Market reform eats into bank profits

(Xinhua) Updated: 2013-08-27 09:22

BEIJING -- The days of China's banks raking in easy fat profits have gone, for now, as the slowing economy and market-based financial reform squeeze profits and extend bad loans, semi-annual reports have shown.

By Monday, seven commercial lenders had published their semi-annual reports, and all of them report slower profits and higher non-performing loan ratios, although the facts are better than expected.

Profits of Ping An Bank Co. Ltd slowed the most from last year's growth rate of 45.2 percent to this year's 11.3 percent. China Construction Bank (CCB) saw the smallest growth rate gap of 2.02 percent.

Industrial Bank Co.
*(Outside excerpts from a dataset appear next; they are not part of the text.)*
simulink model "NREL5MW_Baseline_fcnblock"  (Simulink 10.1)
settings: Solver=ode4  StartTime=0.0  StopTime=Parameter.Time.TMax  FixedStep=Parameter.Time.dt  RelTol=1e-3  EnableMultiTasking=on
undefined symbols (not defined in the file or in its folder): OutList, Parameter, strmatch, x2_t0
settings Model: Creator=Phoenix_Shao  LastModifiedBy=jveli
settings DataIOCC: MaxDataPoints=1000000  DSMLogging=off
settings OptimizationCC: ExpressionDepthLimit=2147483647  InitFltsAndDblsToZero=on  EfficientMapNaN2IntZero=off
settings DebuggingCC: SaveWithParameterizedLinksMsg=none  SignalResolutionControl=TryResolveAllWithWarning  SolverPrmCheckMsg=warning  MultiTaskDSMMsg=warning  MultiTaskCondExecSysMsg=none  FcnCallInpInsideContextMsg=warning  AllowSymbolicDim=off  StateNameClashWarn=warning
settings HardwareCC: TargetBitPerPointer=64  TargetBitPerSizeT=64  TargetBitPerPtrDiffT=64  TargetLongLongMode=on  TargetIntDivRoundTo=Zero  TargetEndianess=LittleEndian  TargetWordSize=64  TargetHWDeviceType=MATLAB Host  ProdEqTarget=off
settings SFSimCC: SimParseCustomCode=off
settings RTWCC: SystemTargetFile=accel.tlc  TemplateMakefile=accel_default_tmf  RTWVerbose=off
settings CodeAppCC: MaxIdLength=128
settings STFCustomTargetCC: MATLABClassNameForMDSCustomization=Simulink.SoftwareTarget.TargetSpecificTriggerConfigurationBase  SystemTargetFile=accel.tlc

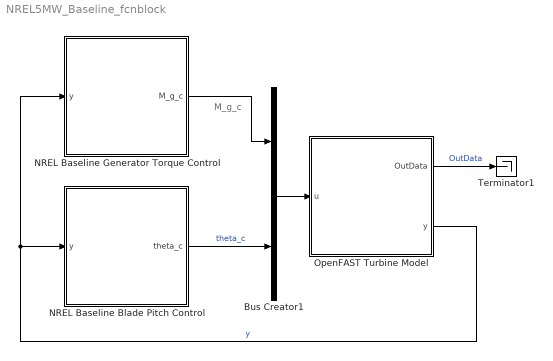
== system NREL5MW_Baseline_fcnblock ==
  note: M_g_c
  Bus Creator1 : BusCreator  Inputs=2
  NREL Baseline Blade Pitch Control : Subsystem
  NREL Baseline Generator Torque Control : Subsystem
  OpenFAST Turbine Model : Subsystem  AncestorBlock=Library/Models/FAST
  Terminator1 : Terminator
  wires:
  OpenFAST Turbine Model/2(y) -> NREL Baseline Generator Torque Control/1(y), NREL Baseline Blade Pitch Control/1(y)  "y"
  OpenFAST Turbine Model/1(OutData) -> Terminator1/1  "OutData"
  NREL Baseline Generator Torque Control/1(M_g_c) -> Bus Creator1/1
  Bus Creator1/1 -> OpenFAST Turbine Model/1(u)
  NREL Baseline Blade Pitch Control/1("theta_c ") -> Bus Creator1/2  "theta_c"

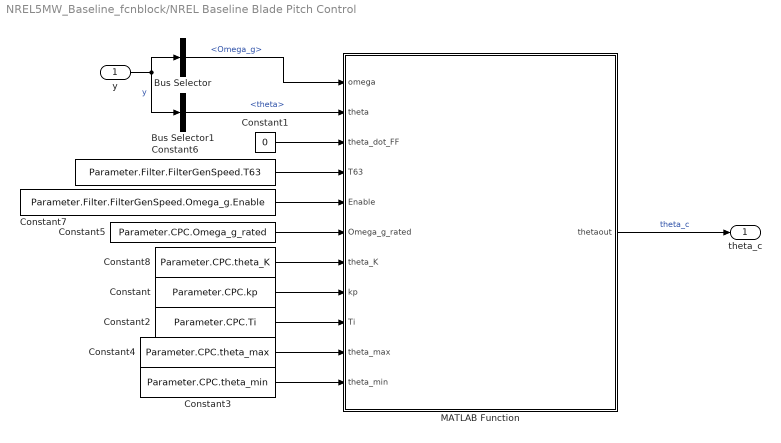
== system NREL5MW_Baseline_fcnblock/NREL Baseline Blade Pitch Control ==
  y : Inport
  Bus Selector : BusSelector  OutputSignals=Omega_g
  Bus Selector1 : BusSelector  OutputSignals=theta
  Constant : Constant  Value=Parameter.CPC.kp
  Constant1 : Constant  Value=0
  Constant2 : Constant  Value=Parameter.CPC.Ti
  Constant3 : Constant  Value=Parameter.CPC.theta_min
  Constant4 : Constant  Value=Parameter.CPC.theta_max
  Constant5 : Constant  Value=Parameter.CPC.Omega_g_rated
  Constant6 : Constant  Value=Parameter.Filter.FilterGenSpeed.T63
  Constant7 : Constant  Value=Parameter.Filter.FilterGenSpeed.Omega_g.Enable
  Constant8 : Constant  Value=Parameter.CPC.theta_K
  MATLAB Function : MATLAB Function  TreatAsAtomicUnit=on
  "theta_c " : Outport
  wires:
  y/1 -> Bus Selector/1, Bus Selector1/1  "y"
  Constant1/1 -> MATLAB Function/3(theta_dot_FF)
  MATLAB Function/1(thetaout) -> "theta_c "/1  "theta_c"
  Bus Selector/1 -> MATLAB Function/1(omega)  "<Omega_g>"
  Bus Selector1/1 -> MATLAB Function/2(theta)  "<theta>"
  Constant6/1 -> MATLAB Function/4(T63)
  Constant7/1 -> MATLAB Function/5(Enable)
  Constant3/1 -> MATLAB Function/11(theta_min)
  Constant4/1 -> MATLAB Function/10(theta_max)
  Constant5/1 -> MATLAB Function/6(Omega_g_rated)
  Constant/1 -> MATLAB Function/8(kp)
  Constant8/1 -> MATLAB Function/7(theta_K)
  Constant2/1 -> MATLAB Function/9(Ti)

== system NREL5MW_Baseline_fcnblock/NREL Baseline Generator Torque Control ==
  y : Inport
  Bus Selector : BusSelector  OutputSignals=Omega_g
  Bus Selector1 : BusSelector  OutputSignals=theta
  FilterGenSpeed.Omega_g : Subsystem
  NREL 5MW BaselineTorque Controller : Subsystem
  M_g_c : Outport
  wires:
  FilterGenSpeed.Omega_g/1(y) -> NREL 5MW BaselineTorque Controller/1(Omega_g [rad/s])
  Bus Selector1/1 -> NREL 5MW BaselineTorque Controller/2(theta [rad])  "<theta>"
  Bus Selector/1 -> FilterGenSpeed.Omega_g/1(u)  "<Omega_g>"
  y/1 -> Bus Selector/1, Bus Selector1/1  "y"
  NREL 5MW BaselineTorque Controller/1(M_g [Nm]) -> M_g_c/1  "M_g_c"

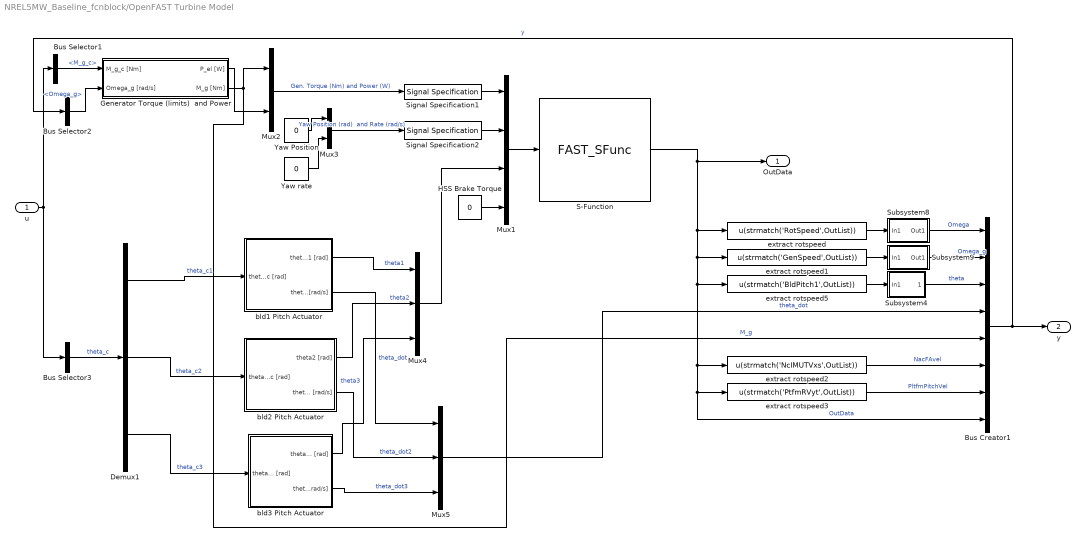
== system NREL5MW_Baseline_fcnblock/OpenFAST Turbine Model ==
  u : Inport
  Bus Creator1 : BusCreator  Inputs=8
  Bus Selector1 : BusSelector  OutputSignals=M_g_c
  Bus Selector2 : BusSelector  OutputSignals=Omega_g
  Bus Selector3 : BusSelector  OutputSignals=theta_c  OutputAsBus=on
  Demux1 : Demux  Outputs=3
  Generator Torque (limits)  and Power : Subsystem  AncestorBlock=Library/Models/Generator
  HSS Brake Torque : Constant  Value=0
  Mux1 : Mux
  Mux2 : Mux  Inputs=2
  Mux3 : Mux  Inputs=2
  Mux4 : Mux  Inputs=3
  Mux5 : Mux  Inputs=3
  S-Function : S-Function  FunctionName=FAST_SFunc  Parameters=Parameter.FASTfile, Parameter.Time.TMax, 0  SFunctionDeploymentMode=off  EnableBusSupport=off
  Signal Specification1 : SignalSpecification  OutDataTypeStr=double  Dimensions=2
  Signal Specification2 : SignalSpecification  OutDataTypeStr=double  Dimensions=2
  Subsystem4 : Subsystem
      mask Display: disp('deg2rad')
  Subsystem8 : Subsystem
      mask Display: disp('rpm2rad/s')
  Subsystem9 : Subsystem
      mask Display: disp('rpm2rad/s')
  Yaw Position : Constant  Value=0
  Yaw rate : Constant  Value=0
  bld1 Pitch Actuator : Subsystem  AncestorBlock=Library/Models/Pitch Actuator
  bld2 Pitch Actuator : Subsystem  AncestorBlock=Library/Models/Pitch Actuator
  bld3 Pitch Actuator : Subsystem  AncestorBlock=Library/Models/Pitch Actuator
  extract rotspeed : Fcn  Expr=u(strmatch('RotSpeed',OutList))
  extract rotspeed1 : Fcn  Expr=u(strmatch('GenSpeed',OutList))
  extract rotspeed2 : Fcn  Expr=u(strmatch('NcIMUTVxs',OutList))
  extract rotspeed3 : Fcn  Expr=u(strmatch('PtfmRVyt',OutList))
  extract rotspeed5 : Fcn  Expr=u(strmatch('BldPitch1',OutList))
  OutData : Outport
  y : Outport  Port=2
  wires:
  Subsystem9/1(Out1) -> Bus Creator1/2  "Omega_g"
  Subsystem8/1(Out1) -> Bus Creator1/1  "Omega"
  extract rotspeed5/1 -> Subsystem4/1(In1)
  Bus Creator1/1 -> y/1, Bus Selector2/1  "y"
  extract rotspeed1/1 -> Subsystem9/1(In1)
  extract rotspeed/1 -> Subsystem8/1(In1)
  Subsystem4/1(Out1) -> Bus Creator1/3  "theta"
  Bus Selector1/1 -> Generator Torque (limits)  and Power/1(M_g_c [Nm])  "<M_g_c>"
  Mux4/1 -> Mux1/3
  u/1 -> Bus Selector3/1, Bus Selector1/1
  Mux2/1 -> Signal Specification1/1  "Gen. Torque (Nm) and Power (W)"
  S-Function/1 -> Bus Creator1/8, extract rotspeed3/1, extract rotspeed2/1, extract rotspeed5/1, extract rotspeed1/1, extract rotspeed/1, OutData/1  "OutData"
  Mux1/1 -> S-Function/1
  Mux3/1 -> Signal Specification2/1  "Yaw Position (rad)  and Rate (rad/s)"
  Signal Specification1/1 -> Mux1/1
  Signal Specification2/1 -> Mux1/2
  Yaw Position/1 -> Mux3/1
  Yaw rate/1 -> Mux3/2
  Bus Selector2/1 -> Generator Torque (limits)  and Power/2(Omega_g [rad/s])  "<Omega_g>"
  Generator Torque (limits)  and Power/1(P_el [W]) -> Mux2/2
  Generator Torque (limits)  and Power/2(M_g [Nm]) -> Mux2/1, Bus Creator1/5  "M_g"
  HSS Brake Torque/1 -> Mux1/4
  extract rotspeed2/1 -> Bus Creator1/6  "NacFAvel"
  extract rotspeed3/1 -> Bus Creator1/7  "PltfmPitchVel"
  bld1 Pitch Actuator/1(theta1 [rad]) -> Mux4/1  "theta1"
  bld2 Pitch Actuator/1(theta2 [rad]) -> Mux4/2  "theta2"
  bld1 Pitch Actuator/2(theta_dot1 [rad/s]) -> Mux5/1  "theta_dot"
  bld2 Pitch Actuator/2(theta_dot2 [rad/s]) -> Mux5/2  "theta_dot2"
  bld3 Pitch Actuator/2(theta_dot3 [rad/s]) -> Mux5/3  "theta_dot3"
  bld3 Pitch Actuator/1(theta3 [rad]) -> Mux4/3  "theta3"
  Bus Selector3/1 -> Demux1/1  "theta_c"
  Demux1/1 -> bld1 Pitch Actuator/1(theta_c [rad])  "theta_c1"
  Demux1/2 -> bld2 Pitch Actuator/1(theta_c [rad])  "theta_c2"
  Demux1/3 -> bld3 Pitch Actuator/1(theta_c [rad])  "theta_c3"
  Mux5/1 -> Bus Creator1/4  "theta_dot"

== system NREL5MW_Baseline_fcnblock/NREL Baseline Generator Torque Control/FilterGenSpeed.Omega_g ==
  u : Inport
  Constant1 : Constant  Value=Parameter.Filter.FilterGenSpeed.T63
  Constant3 : Constant  Value=Parameter.Filter.FilterGenSpeed.Omega_g.Enable
  LowPassOrder1 : Subsystem
  y : Outport
  wires:
  LowPassOrder1/1(y) -> y/1
  u/1 -> LowPassOrder1/2(u), LowPassOrder1/1(u0)
  Constant3/1 -> LowPassOrder1/4(Enable)
  Constant1/1 -> LowPassOrder1/3(T)

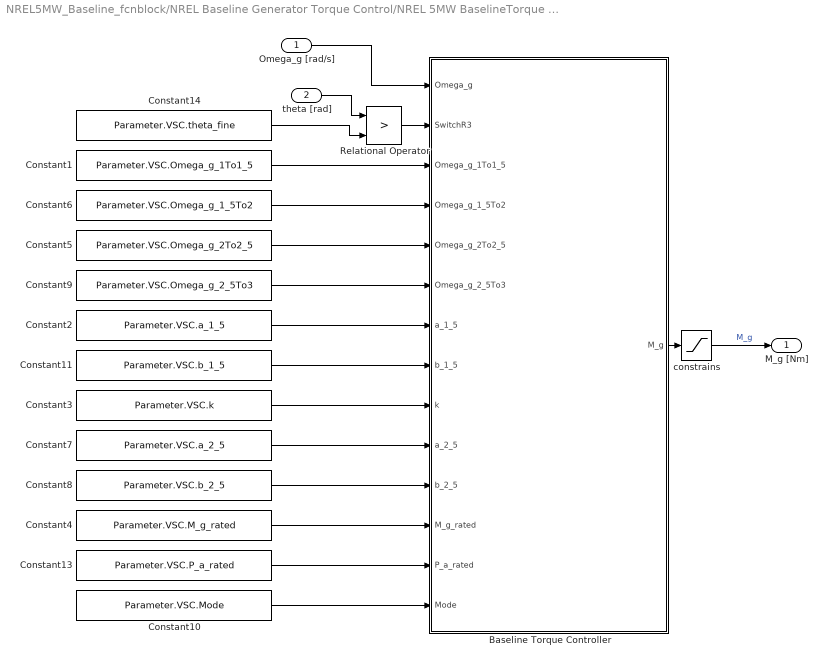
== system NREL5MW_Baseline_fcnblock/NREL Baseline Generator Torque Control/NREL 5MW BaselineTorque Controller ==
  Omega_g [rad/s] : Inport
  theta [rad] : Inport  Port=2
  Baseline Torque Controller : MATLAB Function  TreatAsAtomicUnit=on
  Constant1 : Constant  Value=Parameter.VSC.Omega_g_1To1_5
  Constant10 : Constant  Value=Parameter.VSC.Mode
  Constant11 : Constant  Value=Parameter.VSC.b_1_5
  Constant13 : Constant  Value=Parameter.VSC.P_a_rated
  Constant14 : Constant  Value=Parameter.VSC.theta_fine
  Constant2 : Constant  Value=Parameter.VSC.a_1_5
  Constant3 : Constant  Value=Parameter.VSC.k
  Constant4 : Constant  Value=Parameter.VSC.M_g_rated
  Constant5 : Constant  Value=Parameter.VSC.Omega_g_2To2_5
  Constant6 : Constant  Value=Parameter.VSC.Omega_g_1_5To2
  Constant7 : Constant  Value=Parameter.VSC.a_2_5
  Constant8 : Constant  Value=Parameter.VSC.b_2_5
  Constant9 : Constant  Value=Parameter.VSC.Omega_g_2_5To3
  Relational Operator : RelationalOperator  Operator=>  OutDataTypeStr=boolean  RndMeth=Nearest
  constrains : Saturate  UpperLimit=Parameter.VSC.M_g_max  LowerLimit=Parameter.VSC.M_g_min
  M_g [Nm] : Outport
  wires:
  Constant13/1 -> Baseline Torque Controller/13(P_a_rated)
  Constant11/1 -> Baseline Torque Controller/8(b_1_5)
  Constant2/1 -> Baseline Torque Controller/7(a_1_5)
  Constant10/1 -> Baseline Torque Controller/14(Mode)
  Constant3/1 -> Baseline Torque Controller/9(k)
  Constant7/1 -> Baseline Torque Controller/10(a_2_5)
  Constant8/1 -> Baseline Torque Controller/11(b_2_5)
  Constant4/1 -> Baseline Torque Controller/12(M_g_rated)
  Constant9/1 -> Baseline Torque Controller/6(Omega_g_2_5To3)
  Constant6/1 -> Baseline Torque Controller/4(Omega_g_1_5To2)
  Constant5/1 -> Baseline Torque Controller/5(Omega_g_2To2_5)
  Constant1/1 -> Baseline Torque Controller/3(Omega_g_1To1_5)
  constrains/1 -> M_g [Nm]/1  "M_g"
  Omega_g [rad/s]/1 -> Baseline Torque Controller/1(Omega_g)
  Baseline Torque Controller/1(M_g) -> constrains/1
  Constant14/1 -> Relational Operator/2
  theta [rad]/1 -> Relational Operator/1
  Relational Operator/1 -> Baseline Torque Controller/2(SwitchR3)

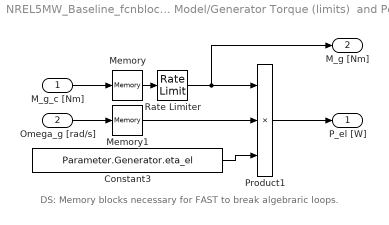
== system NREL5MW_Baseline_fcnblock/OpenFAST Turbine Model/Generator Torque (limits)  and Power ==
  note: DS: Memory blocks necessary for FAST to break algebraric loops.
  M_g_c [Nm] : Inport
  Omega_g [rad/s] : Inport  Port=2
  Constant3 : Constant  Value=Parameter.Generator.eta_el
  Memory : Memory  InitialCondition=Parameter.IC.M_g
  Memory1 : Memory  InitialCondition=Parameter.IC.Omega/Parameter.Turbine.i
  Product1 : Product  Inputs=***  RndMeth=Zero
  Rate Limiter : RateLimiter  RisingSlewLimit=Parameter.Generator.M_g_dot_max  FallingSlewLimit=-Parameter.Generator.M_g_dot_max  SampleTimeMode=inherited  InitialCondition=Parameter.IC.M_g
  P_el [W] : Outport
  M_g [Nm] : Outport  Port=2
  wires:
  Memory1/1 -> Product1/2
  Memory/1 -> Rate Limiter/1
  Omega_g [rad/s]/1 -> Memory1/1
  Rate Limiter/1 -> M_g [Nm]/1, Product1/1
  Constant3/1 -> Product1/3
  M_g_c [Nm]/1 -> Memory/1
  Product1/1 -> P_el [W]/1

== system NREL5MW_Baseline_fcnblock/OpenFAST Turbine Model/Subsystem4 ==
  In1 : Inport
  deg in rad : Gain  Gain=2*pi/360  SaturateOnIntegerOverflow=on  OutDataTypeStr=Inherit: Same as input  ParamDataTypeStr=Inherit: Same as input
  Out1 : Outport
  wires:
  In1/1 -> deg in rad/1
  deg in rad/1 -> Out1/1

== system NREL5MW_Baseline_fcnblock/OpenFAST Turbine Model/Subsystem8 ==
  In1 : Inport
  rpm in rad/s : Gain  Gain=2*pi/60  SaturateOnIntegerOverflow=on  OutDataTypeStr=Inherit: Same as input  ParamDataTypeStr=Inherit: Same as input
  Out1 : Outport
  wires:
  rpm in rad/s/1 -> Out1/1
  In1/1 -> rpm in rad/s/1

== system NREL5MW_Baseline_fcnblock/OpenFAST Turbine Model/Subsystem9 ==
  In1 : Inport
  rpm in rad/s : Gain  Gain=2*pi/60  SaturateOnIntegerOverflow=on  OutDataTypeStr=Inherit: Same as input  ParamDataTypeStr=Inherit: Same as input
  Out1 : Outport
  wires:
  In1/1 -> rpm in rad/s/1
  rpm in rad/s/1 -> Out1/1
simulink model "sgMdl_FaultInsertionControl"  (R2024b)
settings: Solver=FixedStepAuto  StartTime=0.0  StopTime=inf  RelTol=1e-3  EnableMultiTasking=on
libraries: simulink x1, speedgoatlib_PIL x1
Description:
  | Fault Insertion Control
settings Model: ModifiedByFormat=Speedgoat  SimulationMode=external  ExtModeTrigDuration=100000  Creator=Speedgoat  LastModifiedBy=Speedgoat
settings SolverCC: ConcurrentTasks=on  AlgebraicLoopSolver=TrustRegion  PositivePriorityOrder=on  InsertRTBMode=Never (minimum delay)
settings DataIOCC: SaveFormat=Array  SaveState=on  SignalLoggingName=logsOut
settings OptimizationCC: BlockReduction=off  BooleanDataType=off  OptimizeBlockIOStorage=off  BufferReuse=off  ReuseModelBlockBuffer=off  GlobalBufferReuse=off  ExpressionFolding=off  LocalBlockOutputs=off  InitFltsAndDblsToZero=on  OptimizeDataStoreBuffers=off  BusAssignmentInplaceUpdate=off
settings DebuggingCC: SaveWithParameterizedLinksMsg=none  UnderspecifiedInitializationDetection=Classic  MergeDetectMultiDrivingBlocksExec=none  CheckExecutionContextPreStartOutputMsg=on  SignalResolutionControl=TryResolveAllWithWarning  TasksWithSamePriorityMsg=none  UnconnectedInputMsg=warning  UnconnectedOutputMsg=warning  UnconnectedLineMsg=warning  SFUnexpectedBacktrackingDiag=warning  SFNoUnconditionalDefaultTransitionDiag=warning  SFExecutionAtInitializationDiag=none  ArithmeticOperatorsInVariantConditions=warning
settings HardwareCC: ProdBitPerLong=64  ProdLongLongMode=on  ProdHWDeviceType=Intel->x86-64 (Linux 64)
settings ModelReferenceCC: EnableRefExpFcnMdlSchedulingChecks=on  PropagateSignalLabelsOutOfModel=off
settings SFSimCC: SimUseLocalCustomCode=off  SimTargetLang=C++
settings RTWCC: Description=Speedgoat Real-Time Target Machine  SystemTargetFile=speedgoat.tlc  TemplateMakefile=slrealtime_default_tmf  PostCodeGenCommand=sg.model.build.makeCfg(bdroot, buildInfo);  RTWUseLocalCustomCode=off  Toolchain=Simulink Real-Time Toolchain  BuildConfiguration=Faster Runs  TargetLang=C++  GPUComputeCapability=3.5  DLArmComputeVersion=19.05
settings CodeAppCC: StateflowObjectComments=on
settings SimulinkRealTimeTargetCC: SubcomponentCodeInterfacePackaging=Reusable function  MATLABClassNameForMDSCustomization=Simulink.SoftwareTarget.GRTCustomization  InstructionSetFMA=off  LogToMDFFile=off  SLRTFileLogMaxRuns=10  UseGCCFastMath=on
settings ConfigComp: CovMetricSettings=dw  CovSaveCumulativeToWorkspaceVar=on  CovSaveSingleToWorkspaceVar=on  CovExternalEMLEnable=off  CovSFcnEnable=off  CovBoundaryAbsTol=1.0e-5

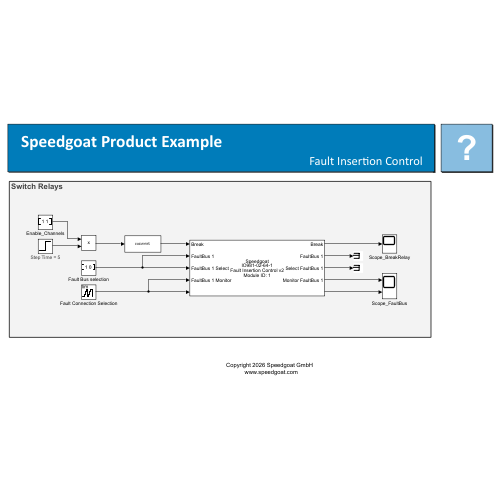
[thumbnail: Simulink's stored preview of the top-level diagram]
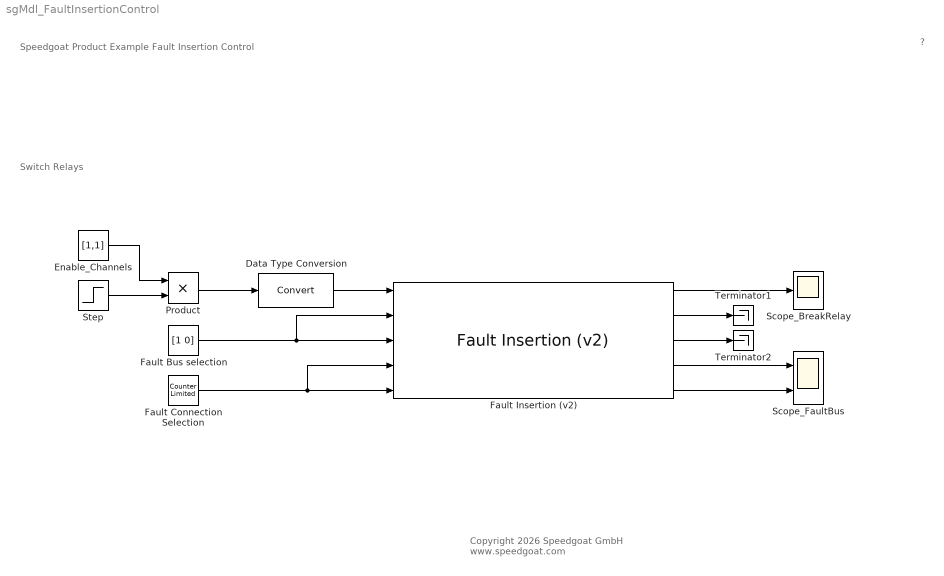
== system sgMdl_FaultInsertionControl ==
  note: Switch Relays
  note: Speedgoat Product Example
      | Fault Insertion Control
  note: ?
  note: Copyright 2026 Speedgoat GmbH
      |  www.speedgoat.com
  Data Type Conversion : DataTypeConversion  SaturateOnIntegerOverflow=off  RndMeth=Floor
  Enable_Channels : Constant  Value=[1,1]  SampleTime=1
  Fault Bus selection : Constant  Value=[1 0]  OutDataTypeStr=Inherit: Inherit via back propagation  SampleTime=1
  Fault Connection Selection : simulink/Sources/Counter Limited  uplimit=3  tsamp=1
  "Fault Insertion (v2) " : speedgoatlib_PIL/Fault Insertion (v2)   id=1  card_type="IO983-02-75-2  (2A Fault Insertion Switch, 75 channels, 2 fault buses)"  channel_vector=[1,2]  init_vector_break=[0]  init_vector_fault1=[0]  init_vector_fault2=[0]  reset_vector_break=[1]  reset_vector_fault1=[1]  reset_vector_fault2=[1]  show_output=on  ts=-1  slot=-1  NumCh=75  NumFB=2  NumFperMux=3  NumMperMux=0  NumMux=2  DeviceID=0  SubDeviceID=0  VendorID=0
      settings: SourceProductName=Simulink Real-Time: Speedgoat I/O Blockset
  Product : Product  OutDataTypeStr=Inherit: Inherit via back propagation
  Scope_BreakRelay : Scope
  Scope_FaultBus : Scope  NumInputPorts=2
  Step : Step  Time=5  SampleTime=1
      settings: AttributesFormatString=Step Time = %<Time>
  Terminator1 : Terminator
  Terminator2 : Terminator
  wires:
  Product/1 -> Data Type Conversion/1
  Enable_Channels/1 -> Product/1
  Step/1 -> Product/2
  Data Type Conversion/1 -> "Fault Insertion (v2) "/1
  Fault Connection Selection/1 -> "Fault Insertion (v2) "/5, "Fault Insertion (v2) "/4
  Fault Bus selection/1 -> "Fault Insertion (v2) "/3, "Fault Insertion (v2) "/2
  "Fault Insertion (v2) "/1 -> Scope_BreakRelay/1
  "Fault Insertion (v2) "/2 -> Terminator1/1
  "Fault Insertion (v2) "/3 -> Terminator2/1
  "Fault Insertion (v2) "/4 -> Scope_FaultBus/1
  "Fault Insertion (v2) "/5 -> Scope_FaultBus/2

Ltd saw the non-performing loan ratio climb by the most 0.14 percentage points to 0.57 percent. And those of Bank of Communications and CCB stood at the highest 0.99 percent.

The numbers are in stark contrast to previous records with doubling of profits not uncommon.

Listed banks' first half performance was also in line with the data calculated by the China Banking Regulatory Commission (CBRC), the nation's banking regulator.

The combined net profits of the industry grew 13.83 percent to 753 billion yuan ($121.5 billion), compared with 23.3 percent in the same period a year ago. Non-performing loans totalled 539.5 billion yuan, an increase of 46.7 billion yuan from the year-beginning.

Slowing profits and rising bad loans are normal phenomena against the backdrop of weakening economic growth and market-based financial reform, analysts said.

China's economy has been stuck in a protracted slowdown, easing to 7.5-percent growth in the second quarter from 7.7 percent in the first three months.

As part of the drive to revitalize the economy through pumping more market impetus, the central bank scrapped the floor on lending rates in July, freeing banks to issue loans as cheaply as they wished.

Under the previous system, the central bank set guidelines for lending and deposit rates for commercial banks which were willing to lend to state-backed firms at artificially high rates.